For the IMF, which is closely aligned with US intentions despite its putative international role, however, this state of affairs is an opportunity to wean Pakistan away from China as much as possible to pave the way for Pakistan’s meaningful participation in any future anti-China regional configuration that Washington is seeking to organize in the Indo-Pacific region.
The IMF has been successful insofar as Pakistan has allocated only 20 to 25 billion rupees for CPEC in the recent budget announced in the second week of June, a meager amount compared with hundreds of billions of rupees needed to revive and complete its many projects. Pakistan is thus changing the CPEC narrative from economic lifeline to marginal project.
But Washington’s interests in Pakistan are not simply anti-China; they are also tied to Afghanistan in many ways. When the head of Pakistan’s powerful Inter-Services Intelligence (ISI) recently visited the US, the key focus of these talks was to enlist Pakistan’s help in organizing an anti-Taliban resistance movement led by the National Resistance Front (NRF) of Ahmad Masood and Amrullah Saleh.
Key leaders of this movement are currently based in neighboring Tajikistan, a country itself opposed to the Taliban’s violent – and exclusive – takeover of Afghanistan and the Islamist threat it poses to the entire neighborhood.
As various Pakistani diplomatic sources confided, Washington indeed wants Pakistan to shift its policy vis-à-vis the Afghan Taliban at a time when India, Pakistan’s arch-rival, is showing indications to develop ties with them.
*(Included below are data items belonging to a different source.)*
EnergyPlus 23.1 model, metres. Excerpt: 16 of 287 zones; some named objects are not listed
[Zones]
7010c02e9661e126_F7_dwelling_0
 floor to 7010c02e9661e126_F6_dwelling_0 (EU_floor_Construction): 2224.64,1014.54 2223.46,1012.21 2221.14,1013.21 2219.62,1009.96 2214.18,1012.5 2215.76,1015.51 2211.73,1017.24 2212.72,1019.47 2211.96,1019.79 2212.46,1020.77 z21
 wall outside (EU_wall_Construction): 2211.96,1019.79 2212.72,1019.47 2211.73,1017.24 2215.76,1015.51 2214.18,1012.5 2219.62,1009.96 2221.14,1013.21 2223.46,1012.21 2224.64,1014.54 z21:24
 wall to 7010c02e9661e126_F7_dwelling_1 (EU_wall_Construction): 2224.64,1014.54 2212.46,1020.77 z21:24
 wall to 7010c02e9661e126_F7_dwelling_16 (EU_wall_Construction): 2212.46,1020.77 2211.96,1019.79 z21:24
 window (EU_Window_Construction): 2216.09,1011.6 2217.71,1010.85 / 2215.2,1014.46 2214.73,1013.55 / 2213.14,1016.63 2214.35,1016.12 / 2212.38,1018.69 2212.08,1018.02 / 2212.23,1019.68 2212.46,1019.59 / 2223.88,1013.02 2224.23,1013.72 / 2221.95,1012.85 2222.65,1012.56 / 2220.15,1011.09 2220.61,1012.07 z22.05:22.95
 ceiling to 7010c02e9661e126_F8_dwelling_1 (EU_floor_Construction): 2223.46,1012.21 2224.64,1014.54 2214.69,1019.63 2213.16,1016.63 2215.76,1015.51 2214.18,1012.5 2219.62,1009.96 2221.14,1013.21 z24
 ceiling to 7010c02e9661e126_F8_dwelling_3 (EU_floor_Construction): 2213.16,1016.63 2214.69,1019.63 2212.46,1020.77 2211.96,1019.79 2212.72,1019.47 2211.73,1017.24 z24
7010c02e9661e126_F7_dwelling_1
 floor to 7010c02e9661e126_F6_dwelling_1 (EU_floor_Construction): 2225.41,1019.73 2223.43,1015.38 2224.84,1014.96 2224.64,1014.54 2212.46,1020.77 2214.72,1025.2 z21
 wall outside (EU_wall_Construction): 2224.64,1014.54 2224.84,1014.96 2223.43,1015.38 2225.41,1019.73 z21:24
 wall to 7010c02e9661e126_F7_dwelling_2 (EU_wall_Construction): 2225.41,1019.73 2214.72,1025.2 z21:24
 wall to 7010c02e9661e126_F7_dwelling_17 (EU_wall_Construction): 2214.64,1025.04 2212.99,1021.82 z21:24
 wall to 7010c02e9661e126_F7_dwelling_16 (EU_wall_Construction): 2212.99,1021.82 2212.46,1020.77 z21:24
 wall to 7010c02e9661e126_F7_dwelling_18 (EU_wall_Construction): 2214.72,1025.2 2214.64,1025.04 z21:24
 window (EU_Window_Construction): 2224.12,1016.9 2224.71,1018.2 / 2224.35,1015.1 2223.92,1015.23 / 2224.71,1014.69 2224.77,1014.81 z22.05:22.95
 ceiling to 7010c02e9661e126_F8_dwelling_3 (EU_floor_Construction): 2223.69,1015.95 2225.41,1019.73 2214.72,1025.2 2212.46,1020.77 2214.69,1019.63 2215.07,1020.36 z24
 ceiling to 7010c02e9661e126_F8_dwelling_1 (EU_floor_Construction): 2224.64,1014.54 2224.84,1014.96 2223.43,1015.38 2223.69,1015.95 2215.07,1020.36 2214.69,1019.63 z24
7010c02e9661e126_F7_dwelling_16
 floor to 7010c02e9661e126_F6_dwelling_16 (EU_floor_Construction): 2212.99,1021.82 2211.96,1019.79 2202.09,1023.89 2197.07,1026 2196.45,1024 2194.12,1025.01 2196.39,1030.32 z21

A major regional reconfiguration may therefore be in the making. With Washington, which is the largest shareholder and exercises considerable influence on the fund, agreeing to intervene on behalf of Islamabad to help finalize an agreement, a long-term deal changing the erstwhile fault-lines of Pakistan-China ties seems well underway to the long-term and short-term advantage of Washington and Islamabad, respectively.
This will be critical for the development of Pak-US ties, as Islamabad has requested the IMF to not only resume disbursement but also expand and prolong the program. Analysts and politicians see in this deal a significant pro-West positioning of Pakistan’s foreign policy orientation. There is, therefore, possible writing on the wall for a major (geopolitical and economic) restructuring away from Beijing and towards Washington.
This is also evident from Pakistan’s efforts to effectively dial down – and even neutralize – former prime minister Imran Khan’s supposedly ‘pro-Russia’ stance. Pakistan, as it stands, has lost its appetite for Moscow and/or buying ‘cheap’ Russian oil.